Note that the approximation the error is bounded as

$$\begin{aligned} |E(s,\xi (t_k))| < 0.15 ,\quad \end{aligned}$$
(33)

for the reduced order model of order \(r=4\) and as

$$\begin{aligned} |E(s,\xi (t_k))| < 0.2 ,\quad \end{aligned}$$
(34)

for the reduced order model of order \(r=3\), which indicates that the differential input–output behavior of the original system is well approximated by that of both reduced order models.

Fig. 5
figure 5

Nyquist diagram of the family of transfer functions (30) and (31) associated with the linearizations of the original system (top) and the reduced order models of order \({r=4}\) (middle) and \({r=3}\) (bottom)

Fig. 6
figure 6

Bode diagram of the family of error transfer functions (32) associated with the reduced order models of order \({r=4}\) (top) and \({r=3}\) (bottom)

5 Conclusion

The paper has outlined a model reduction framework for biological systems whose behavior is not restricted to the stability of a single equilibrium.

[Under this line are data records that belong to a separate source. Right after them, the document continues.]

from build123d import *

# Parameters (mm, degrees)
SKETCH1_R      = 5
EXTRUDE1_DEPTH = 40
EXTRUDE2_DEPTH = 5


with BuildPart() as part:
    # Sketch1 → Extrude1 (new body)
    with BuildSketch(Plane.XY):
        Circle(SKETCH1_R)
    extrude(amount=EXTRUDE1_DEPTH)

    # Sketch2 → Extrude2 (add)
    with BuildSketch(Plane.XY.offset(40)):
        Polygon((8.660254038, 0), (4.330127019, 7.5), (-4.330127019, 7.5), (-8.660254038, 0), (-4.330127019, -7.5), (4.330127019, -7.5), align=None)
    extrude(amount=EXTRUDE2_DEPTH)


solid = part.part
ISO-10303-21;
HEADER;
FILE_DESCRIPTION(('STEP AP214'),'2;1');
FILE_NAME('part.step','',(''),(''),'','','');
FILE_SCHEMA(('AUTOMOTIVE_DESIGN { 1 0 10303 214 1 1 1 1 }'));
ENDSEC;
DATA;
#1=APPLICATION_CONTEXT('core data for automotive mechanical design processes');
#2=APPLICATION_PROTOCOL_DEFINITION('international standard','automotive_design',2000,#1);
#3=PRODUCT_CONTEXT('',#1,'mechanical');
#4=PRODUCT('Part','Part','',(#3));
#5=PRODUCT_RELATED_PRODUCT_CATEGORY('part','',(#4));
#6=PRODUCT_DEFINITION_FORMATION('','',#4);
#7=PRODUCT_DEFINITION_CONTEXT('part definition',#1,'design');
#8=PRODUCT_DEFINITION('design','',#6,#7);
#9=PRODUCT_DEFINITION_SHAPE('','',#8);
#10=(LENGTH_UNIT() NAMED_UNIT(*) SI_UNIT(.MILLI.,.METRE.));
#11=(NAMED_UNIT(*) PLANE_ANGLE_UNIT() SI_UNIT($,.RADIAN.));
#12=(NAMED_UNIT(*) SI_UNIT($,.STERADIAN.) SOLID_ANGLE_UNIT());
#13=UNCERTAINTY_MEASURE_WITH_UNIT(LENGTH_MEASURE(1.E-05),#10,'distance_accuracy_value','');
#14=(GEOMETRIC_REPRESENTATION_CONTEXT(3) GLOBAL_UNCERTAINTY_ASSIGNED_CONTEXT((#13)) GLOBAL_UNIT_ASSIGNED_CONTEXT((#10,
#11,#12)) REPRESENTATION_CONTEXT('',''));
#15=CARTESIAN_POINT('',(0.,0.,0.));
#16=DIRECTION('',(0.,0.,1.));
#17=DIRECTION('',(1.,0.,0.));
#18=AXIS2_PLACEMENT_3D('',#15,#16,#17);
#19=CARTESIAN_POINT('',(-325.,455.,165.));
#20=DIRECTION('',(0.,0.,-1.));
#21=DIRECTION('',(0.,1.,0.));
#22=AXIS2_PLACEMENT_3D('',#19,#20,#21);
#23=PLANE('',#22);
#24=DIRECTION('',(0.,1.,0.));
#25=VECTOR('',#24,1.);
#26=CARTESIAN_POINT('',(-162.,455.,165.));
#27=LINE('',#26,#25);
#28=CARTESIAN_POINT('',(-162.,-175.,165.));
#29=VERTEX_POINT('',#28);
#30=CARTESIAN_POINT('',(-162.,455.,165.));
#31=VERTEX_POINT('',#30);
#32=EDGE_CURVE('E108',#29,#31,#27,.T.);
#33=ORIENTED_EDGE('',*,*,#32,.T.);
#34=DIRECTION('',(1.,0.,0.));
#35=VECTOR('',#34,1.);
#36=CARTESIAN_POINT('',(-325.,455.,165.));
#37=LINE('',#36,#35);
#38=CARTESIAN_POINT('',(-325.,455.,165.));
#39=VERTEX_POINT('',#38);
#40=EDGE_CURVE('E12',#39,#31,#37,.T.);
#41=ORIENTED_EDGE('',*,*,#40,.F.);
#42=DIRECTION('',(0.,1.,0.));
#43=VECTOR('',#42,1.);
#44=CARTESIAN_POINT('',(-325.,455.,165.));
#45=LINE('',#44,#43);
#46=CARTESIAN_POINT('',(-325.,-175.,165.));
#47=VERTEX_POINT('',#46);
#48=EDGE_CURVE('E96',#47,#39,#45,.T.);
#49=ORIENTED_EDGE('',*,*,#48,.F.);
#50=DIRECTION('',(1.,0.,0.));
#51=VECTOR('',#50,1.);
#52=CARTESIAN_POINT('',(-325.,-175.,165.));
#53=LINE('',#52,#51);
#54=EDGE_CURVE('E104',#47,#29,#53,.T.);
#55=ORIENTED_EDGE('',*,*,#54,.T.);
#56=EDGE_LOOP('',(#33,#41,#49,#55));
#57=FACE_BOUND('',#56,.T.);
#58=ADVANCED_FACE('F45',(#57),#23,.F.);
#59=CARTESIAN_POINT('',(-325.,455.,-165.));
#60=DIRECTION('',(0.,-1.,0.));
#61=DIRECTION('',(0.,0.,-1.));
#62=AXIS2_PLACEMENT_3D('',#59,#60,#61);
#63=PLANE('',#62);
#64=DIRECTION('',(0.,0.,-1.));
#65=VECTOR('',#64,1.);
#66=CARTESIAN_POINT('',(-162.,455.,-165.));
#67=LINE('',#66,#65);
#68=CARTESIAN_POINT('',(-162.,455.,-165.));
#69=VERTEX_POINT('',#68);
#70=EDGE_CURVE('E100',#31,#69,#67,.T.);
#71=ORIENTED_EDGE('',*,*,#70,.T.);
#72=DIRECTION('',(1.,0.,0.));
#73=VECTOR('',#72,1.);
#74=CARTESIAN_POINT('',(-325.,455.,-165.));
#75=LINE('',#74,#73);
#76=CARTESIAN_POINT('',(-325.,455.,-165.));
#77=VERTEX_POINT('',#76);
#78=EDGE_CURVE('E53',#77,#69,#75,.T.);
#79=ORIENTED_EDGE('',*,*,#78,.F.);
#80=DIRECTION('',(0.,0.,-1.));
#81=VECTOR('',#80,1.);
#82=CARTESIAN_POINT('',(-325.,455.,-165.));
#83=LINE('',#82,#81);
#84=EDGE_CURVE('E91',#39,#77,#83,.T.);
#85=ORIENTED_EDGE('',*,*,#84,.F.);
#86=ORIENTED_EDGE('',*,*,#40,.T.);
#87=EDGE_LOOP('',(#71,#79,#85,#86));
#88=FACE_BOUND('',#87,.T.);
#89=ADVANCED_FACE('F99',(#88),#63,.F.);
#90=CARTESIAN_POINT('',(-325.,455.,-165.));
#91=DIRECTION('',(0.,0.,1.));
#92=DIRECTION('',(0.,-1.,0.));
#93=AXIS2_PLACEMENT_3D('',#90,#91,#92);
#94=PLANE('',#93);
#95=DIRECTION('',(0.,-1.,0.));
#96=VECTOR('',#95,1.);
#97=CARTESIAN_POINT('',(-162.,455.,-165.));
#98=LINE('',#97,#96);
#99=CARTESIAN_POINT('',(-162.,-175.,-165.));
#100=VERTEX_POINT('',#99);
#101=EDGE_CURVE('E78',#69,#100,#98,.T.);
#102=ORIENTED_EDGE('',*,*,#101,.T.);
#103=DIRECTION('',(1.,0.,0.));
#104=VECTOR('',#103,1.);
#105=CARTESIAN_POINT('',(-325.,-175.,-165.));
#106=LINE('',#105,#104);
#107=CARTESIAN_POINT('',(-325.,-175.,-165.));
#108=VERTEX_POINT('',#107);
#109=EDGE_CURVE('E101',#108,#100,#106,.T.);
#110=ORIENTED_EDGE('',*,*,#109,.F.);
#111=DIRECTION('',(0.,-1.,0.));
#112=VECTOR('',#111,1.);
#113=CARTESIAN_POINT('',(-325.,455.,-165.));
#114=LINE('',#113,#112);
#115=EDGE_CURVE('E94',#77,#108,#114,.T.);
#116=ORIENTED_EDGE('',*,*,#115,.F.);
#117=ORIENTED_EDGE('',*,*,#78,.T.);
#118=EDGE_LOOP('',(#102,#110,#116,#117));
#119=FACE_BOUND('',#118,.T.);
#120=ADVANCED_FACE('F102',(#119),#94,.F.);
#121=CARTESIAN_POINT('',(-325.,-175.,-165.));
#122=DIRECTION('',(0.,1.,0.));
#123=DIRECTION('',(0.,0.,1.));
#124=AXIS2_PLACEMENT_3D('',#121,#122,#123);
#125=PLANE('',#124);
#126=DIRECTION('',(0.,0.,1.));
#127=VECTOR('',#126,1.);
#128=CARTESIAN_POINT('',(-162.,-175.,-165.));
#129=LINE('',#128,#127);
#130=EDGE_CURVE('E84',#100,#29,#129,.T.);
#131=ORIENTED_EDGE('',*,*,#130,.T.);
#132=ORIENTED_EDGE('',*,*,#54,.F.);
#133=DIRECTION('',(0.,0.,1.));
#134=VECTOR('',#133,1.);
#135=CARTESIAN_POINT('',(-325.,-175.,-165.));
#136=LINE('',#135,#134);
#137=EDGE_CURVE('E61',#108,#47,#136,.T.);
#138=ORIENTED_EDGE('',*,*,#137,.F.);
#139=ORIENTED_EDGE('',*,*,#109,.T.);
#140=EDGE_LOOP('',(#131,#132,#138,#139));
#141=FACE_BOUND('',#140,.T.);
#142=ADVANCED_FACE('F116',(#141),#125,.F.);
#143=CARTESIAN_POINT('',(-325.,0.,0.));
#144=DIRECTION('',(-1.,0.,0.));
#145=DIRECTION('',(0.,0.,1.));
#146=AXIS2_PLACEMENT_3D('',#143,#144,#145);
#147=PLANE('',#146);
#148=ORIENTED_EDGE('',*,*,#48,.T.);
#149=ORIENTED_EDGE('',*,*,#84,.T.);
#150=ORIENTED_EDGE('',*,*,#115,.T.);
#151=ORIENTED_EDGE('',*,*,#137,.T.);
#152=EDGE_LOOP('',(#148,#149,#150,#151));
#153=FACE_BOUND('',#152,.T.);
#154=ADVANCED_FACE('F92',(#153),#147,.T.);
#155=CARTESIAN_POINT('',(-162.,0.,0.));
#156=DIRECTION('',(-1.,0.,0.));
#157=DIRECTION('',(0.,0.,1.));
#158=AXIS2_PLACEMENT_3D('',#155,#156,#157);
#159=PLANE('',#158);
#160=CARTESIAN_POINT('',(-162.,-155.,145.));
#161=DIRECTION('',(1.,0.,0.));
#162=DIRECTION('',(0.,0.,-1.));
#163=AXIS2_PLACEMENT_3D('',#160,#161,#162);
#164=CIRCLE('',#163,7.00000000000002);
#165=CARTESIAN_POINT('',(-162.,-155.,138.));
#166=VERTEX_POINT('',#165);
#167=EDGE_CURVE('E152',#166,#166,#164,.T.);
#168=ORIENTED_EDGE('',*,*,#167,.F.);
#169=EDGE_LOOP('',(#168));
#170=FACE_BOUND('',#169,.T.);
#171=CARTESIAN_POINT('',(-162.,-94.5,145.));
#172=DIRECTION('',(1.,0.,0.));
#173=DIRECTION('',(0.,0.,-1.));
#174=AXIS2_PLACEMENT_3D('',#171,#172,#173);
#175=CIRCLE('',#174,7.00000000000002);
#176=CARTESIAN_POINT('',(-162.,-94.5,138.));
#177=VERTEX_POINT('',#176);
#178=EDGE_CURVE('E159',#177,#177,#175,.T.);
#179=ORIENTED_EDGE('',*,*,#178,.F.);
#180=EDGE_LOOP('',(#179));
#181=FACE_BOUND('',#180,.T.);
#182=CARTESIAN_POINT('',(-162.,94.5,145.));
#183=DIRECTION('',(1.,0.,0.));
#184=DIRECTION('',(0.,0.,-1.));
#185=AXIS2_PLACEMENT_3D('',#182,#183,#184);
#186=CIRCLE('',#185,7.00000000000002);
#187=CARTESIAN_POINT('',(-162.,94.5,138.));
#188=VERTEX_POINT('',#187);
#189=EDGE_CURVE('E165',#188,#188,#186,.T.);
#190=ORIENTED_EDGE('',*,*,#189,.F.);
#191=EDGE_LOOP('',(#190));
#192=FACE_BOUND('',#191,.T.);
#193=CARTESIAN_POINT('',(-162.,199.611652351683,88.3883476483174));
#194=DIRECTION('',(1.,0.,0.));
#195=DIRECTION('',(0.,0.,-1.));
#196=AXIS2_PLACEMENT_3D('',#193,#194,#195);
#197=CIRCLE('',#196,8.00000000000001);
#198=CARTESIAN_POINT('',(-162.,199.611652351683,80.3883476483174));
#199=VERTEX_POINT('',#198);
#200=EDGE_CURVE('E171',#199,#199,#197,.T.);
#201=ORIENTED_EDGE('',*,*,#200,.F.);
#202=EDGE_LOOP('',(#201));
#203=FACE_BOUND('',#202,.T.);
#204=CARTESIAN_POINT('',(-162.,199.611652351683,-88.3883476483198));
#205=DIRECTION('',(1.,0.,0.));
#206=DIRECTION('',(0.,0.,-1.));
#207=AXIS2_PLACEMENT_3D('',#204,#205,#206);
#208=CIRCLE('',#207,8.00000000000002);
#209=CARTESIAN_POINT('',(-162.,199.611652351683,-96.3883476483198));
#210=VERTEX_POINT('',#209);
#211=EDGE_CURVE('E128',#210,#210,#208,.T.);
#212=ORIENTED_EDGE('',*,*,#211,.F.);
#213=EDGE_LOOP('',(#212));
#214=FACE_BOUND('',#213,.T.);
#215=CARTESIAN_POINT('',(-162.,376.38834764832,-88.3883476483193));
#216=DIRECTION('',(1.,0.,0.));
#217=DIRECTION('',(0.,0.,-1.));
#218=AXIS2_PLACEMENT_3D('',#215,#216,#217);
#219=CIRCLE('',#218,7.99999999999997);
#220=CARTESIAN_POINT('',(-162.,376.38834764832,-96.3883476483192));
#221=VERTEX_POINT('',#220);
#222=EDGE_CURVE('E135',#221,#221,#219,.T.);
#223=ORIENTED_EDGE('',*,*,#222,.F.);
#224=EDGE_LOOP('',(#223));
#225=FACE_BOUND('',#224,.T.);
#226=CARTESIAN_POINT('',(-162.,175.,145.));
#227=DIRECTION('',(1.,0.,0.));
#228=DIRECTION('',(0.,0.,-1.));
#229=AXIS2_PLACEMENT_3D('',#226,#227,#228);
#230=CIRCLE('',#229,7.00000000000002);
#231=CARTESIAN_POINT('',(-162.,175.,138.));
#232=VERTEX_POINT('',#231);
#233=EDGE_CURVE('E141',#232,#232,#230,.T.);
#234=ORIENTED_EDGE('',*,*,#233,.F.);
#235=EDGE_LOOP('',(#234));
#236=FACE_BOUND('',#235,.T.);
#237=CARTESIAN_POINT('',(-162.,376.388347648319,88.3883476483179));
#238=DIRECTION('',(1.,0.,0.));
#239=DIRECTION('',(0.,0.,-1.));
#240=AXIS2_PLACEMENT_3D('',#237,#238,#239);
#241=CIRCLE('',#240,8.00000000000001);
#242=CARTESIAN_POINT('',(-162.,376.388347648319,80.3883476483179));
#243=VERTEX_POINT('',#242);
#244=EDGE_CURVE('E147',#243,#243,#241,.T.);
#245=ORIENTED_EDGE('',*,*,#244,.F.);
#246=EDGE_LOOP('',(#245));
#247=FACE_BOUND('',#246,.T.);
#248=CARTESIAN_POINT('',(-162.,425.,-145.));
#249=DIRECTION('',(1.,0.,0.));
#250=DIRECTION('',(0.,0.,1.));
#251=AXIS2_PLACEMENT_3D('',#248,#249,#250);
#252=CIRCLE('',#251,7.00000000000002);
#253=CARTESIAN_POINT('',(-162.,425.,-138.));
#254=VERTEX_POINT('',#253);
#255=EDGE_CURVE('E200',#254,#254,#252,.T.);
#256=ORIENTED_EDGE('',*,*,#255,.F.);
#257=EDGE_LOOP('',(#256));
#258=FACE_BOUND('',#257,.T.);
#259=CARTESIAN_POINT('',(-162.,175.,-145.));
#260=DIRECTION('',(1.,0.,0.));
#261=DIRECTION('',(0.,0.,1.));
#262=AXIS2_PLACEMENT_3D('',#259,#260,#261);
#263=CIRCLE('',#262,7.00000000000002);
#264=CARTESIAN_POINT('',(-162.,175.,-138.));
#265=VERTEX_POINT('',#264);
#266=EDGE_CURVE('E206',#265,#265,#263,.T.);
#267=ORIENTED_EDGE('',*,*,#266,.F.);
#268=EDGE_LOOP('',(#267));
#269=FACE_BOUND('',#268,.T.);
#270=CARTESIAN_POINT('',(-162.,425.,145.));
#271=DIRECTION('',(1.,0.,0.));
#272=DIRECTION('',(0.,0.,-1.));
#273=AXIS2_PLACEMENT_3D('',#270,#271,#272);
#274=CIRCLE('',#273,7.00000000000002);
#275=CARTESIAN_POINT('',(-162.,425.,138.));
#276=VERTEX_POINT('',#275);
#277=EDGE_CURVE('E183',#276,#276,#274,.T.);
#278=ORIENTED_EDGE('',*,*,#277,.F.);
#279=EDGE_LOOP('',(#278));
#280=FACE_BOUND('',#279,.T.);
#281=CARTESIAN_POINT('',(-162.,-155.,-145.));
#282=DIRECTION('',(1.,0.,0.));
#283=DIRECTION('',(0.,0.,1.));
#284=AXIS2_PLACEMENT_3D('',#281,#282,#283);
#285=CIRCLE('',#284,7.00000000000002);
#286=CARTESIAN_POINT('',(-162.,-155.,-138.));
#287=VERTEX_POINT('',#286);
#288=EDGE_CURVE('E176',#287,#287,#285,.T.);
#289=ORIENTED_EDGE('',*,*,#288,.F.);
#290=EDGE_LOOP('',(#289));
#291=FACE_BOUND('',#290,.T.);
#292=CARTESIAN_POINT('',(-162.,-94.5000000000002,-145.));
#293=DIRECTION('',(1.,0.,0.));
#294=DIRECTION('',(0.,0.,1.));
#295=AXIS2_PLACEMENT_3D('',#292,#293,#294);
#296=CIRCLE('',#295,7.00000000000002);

Classical balanced truncation for linear stable systems has been extended to dominant nonlinear systems using differential analysis. The asymptotic behavior of reduced order models has been characterized by ensuring that the property of p-dominance is preserved. This approach is tractable and offers quantitative tools to predict the behavior of a reduced order model a priori. Preliminary numerical results suggest that the proposed model reduction framework may be relevant to the approximation of a wide range of biological systems.